#### Extracted material ####
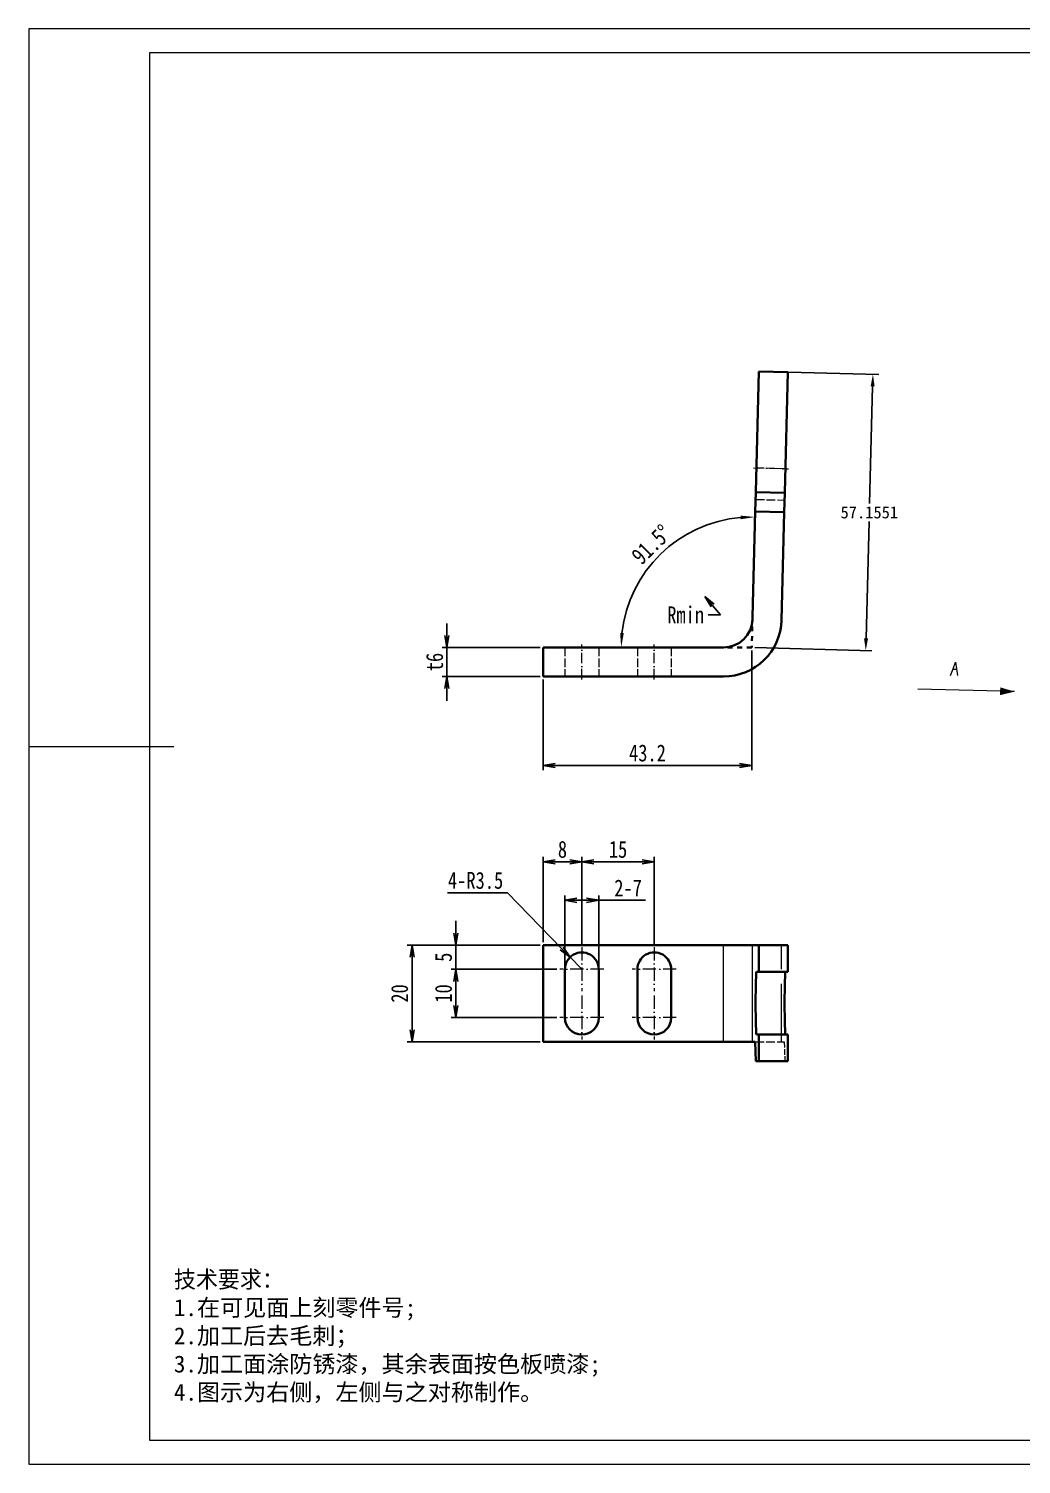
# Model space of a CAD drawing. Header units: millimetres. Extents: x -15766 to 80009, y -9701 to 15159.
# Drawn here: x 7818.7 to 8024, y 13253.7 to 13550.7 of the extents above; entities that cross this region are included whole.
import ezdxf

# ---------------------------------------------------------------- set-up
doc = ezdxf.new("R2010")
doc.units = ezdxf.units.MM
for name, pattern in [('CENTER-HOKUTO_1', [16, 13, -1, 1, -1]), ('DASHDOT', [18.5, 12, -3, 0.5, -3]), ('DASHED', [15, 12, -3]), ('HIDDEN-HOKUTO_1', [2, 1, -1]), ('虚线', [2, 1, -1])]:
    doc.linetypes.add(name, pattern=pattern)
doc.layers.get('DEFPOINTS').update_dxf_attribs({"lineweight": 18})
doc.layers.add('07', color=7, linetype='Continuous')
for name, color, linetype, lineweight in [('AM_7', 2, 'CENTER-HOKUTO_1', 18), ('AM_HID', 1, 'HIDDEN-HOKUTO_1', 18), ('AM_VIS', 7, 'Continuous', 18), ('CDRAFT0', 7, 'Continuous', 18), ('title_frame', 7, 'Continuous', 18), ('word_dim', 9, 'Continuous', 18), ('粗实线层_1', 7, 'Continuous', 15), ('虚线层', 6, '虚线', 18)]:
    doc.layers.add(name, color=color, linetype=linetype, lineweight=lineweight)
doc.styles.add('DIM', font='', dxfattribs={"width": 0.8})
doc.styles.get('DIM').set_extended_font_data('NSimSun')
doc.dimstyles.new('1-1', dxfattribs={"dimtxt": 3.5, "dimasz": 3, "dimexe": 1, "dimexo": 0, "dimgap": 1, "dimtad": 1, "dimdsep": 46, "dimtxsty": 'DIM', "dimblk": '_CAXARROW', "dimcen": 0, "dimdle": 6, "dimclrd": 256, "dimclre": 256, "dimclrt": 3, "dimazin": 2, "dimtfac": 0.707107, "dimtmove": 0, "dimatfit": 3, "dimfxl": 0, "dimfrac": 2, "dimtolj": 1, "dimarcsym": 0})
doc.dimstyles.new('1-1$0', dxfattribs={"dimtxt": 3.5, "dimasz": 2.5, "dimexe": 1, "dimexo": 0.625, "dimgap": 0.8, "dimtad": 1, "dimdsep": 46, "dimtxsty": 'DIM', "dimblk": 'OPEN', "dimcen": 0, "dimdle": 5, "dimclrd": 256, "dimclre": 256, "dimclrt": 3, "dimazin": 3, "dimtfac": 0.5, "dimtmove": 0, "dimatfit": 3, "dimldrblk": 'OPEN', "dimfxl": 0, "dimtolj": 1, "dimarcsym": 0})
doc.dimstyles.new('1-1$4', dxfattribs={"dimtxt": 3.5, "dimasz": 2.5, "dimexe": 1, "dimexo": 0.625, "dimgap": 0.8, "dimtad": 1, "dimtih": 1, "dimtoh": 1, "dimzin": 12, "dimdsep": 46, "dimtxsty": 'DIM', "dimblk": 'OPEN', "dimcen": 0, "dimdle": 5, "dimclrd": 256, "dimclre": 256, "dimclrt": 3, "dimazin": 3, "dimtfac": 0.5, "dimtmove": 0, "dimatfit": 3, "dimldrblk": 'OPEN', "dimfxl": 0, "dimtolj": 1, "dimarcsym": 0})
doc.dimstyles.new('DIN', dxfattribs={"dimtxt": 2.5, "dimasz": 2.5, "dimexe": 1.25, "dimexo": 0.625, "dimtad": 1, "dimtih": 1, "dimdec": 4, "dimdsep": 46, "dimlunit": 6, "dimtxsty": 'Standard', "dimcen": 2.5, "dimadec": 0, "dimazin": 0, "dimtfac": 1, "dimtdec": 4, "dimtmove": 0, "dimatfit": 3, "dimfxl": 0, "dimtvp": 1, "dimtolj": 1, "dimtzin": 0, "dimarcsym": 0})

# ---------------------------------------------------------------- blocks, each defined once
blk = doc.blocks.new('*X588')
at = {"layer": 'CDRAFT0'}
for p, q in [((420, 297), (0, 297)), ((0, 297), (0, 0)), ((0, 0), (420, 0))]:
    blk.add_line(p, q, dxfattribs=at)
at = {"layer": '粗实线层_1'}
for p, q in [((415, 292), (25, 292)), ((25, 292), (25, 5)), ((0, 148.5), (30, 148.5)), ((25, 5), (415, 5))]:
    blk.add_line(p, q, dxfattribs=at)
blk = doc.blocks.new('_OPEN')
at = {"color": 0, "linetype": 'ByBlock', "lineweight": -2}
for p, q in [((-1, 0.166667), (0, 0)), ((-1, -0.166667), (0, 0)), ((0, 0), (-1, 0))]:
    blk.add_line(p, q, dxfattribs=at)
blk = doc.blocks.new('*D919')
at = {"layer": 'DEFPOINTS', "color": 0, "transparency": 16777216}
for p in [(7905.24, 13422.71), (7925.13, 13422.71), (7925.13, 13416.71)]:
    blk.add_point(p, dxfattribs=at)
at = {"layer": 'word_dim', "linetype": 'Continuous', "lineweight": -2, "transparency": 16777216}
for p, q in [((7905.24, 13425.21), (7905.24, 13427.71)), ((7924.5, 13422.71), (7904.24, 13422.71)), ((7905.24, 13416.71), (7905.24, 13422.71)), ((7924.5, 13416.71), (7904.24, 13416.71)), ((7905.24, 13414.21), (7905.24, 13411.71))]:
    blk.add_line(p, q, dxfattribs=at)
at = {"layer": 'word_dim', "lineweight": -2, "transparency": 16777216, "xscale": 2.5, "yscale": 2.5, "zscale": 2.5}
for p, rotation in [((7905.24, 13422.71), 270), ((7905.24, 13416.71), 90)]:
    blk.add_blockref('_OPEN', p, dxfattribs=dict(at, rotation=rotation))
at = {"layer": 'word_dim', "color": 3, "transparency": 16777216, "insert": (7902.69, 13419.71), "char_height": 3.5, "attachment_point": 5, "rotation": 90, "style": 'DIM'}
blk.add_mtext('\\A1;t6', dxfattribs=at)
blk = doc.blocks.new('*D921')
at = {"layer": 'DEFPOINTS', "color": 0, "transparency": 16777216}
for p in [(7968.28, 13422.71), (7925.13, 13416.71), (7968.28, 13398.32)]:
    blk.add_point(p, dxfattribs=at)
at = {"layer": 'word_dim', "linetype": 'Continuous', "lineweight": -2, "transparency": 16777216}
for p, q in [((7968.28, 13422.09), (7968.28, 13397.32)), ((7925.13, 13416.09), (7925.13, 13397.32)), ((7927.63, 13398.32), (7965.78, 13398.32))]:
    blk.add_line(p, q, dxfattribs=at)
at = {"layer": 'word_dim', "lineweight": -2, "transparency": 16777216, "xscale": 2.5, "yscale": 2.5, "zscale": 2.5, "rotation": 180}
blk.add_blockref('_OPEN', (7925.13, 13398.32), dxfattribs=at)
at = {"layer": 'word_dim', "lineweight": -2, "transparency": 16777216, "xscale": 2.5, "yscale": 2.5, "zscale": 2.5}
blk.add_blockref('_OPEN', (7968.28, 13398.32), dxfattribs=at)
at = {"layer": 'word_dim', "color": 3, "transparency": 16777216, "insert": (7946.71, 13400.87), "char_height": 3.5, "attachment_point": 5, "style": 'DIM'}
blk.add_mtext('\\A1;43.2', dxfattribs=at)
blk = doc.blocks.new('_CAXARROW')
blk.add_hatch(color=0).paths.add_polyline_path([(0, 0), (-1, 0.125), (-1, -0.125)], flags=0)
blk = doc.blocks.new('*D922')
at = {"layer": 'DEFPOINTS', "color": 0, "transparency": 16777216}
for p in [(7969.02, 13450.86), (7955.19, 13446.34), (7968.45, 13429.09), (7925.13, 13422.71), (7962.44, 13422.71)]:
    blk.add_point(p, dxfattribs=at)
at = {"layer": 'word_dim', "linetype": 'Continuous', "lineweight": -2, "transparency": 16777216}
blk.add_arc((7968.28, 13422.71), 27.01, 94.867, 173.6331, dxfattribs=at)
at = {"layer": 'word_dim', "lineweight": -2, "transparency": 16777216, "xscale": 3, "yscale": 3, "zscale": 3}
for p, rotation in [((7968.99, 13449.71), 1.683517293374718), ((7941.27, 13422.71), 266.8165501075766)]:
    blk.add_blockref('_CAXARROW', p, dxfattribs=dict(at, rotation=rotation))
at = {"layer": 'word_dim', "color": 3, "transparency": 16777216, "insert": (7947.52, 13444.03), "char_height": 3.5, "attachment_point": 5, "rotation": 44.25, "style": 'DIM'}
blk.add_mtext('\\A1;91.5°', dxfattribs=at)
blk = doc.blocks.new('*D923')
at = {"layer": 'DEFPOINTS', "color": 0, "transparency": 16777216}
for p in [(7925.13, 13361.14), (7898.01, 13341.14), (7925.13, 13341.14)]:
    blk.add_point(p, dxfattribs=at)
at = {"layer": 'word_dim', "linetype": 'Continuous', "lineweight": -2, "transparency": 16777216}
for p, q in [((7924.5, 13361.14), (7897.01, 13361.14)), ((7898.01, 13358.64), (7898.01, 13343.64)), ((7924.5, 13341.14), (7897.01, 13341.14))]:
####
### Requirement:
I would like you to report every line in the listing above that contains "dimazin".

### Task output:
doc.dimstyles.new('1-1', dxfattribs={"dimtxt": 3.5, "dimasz": 3, "dimexe": 1, "dimexo": 0, "dimgap": 1, "dimtad": 1, "dimdsep": 46, "dimtxsty": 'DIM', "dimblk": '_CAXARROW', "dimcen": 0, "dimdle": 6, "dimclrd": 256, "dimclre": 256, "dimclrt": 3, "dimazin": 2, "dimtfac": 0.707107, "dimtmove": 0, "dimatfit": 3, "dimfxl": 0, "dimfrac": 2, "dimtolj": 1, "dimarcsym": 0})
doc.dimstyles.new('1-1$0', dxfattribs={"dimtxt": 3.5, "dimasz": 2.5, "dimexe": 1, "dimexo": 0.625, "dimgap": 0.8, "dimtad": 1, "dimdsep": 46, "dimtxsty": 'DIM', "dimblk": 'OPEN', "dimcen": 0, "dimdle": 5, "dimclrd": 256, "dimclre": 256, "dimclrt": 3, "dimazin": 3, "dimtfac": 0.5, "dimtmove": 0, "dimatfit": 3, "dimldrblk": 'OPEN', "dimfxl": 0, "dimtolj": 1, "dimarcsym": 0})
doc.dimstyles.new('1-1$4', dxfattribs={"dimtxt": 3.5, "dimasz": 2.5, "dimexe": 1, "dimexo": 0.625, "dimgap": 0.8, "dimtad": 1, "dimtih": 1, "dimtoh": 1, "dimzin": 12, "dimdsep": 46, "dimtxsty": 'DIM', "dimblk": 'OPEN', "dimcen": 0, "dimdle": 5, "dimclrd": 256, "dimclre": 256, "dimclrt": 3, "dimazin": 3, "dimtfac": 0.5, "dimtmove": 0, "dimatfit": 3, "dimldrblk": 'OPEN', "dimfxl": 0, "dimtolj": 1, "dimarcsym": 0})
doc.dimstyles.new('DIN', dxfattribs={"dimtxt": 2.5, "dimasz": 2.5, "dimexe": 1.25, "dimexo": 0.625, "dimtad": 1, "dimtih": 1, "dimdec": 4, "dimdsep": 46, "dimlunit": 6, "dimtxsty": 'Standard', "dimcen": 2.5, "dimadec": 0, "dimazin": 0, "dimtfac": 1, "dimtdec": 4, "dimtmove": 0, "dimatfit": 3, "dimfxl": 0, "dimtvp": 1, "dimtolj": 1, "dimtzin": 0, "dimarcsym": 0})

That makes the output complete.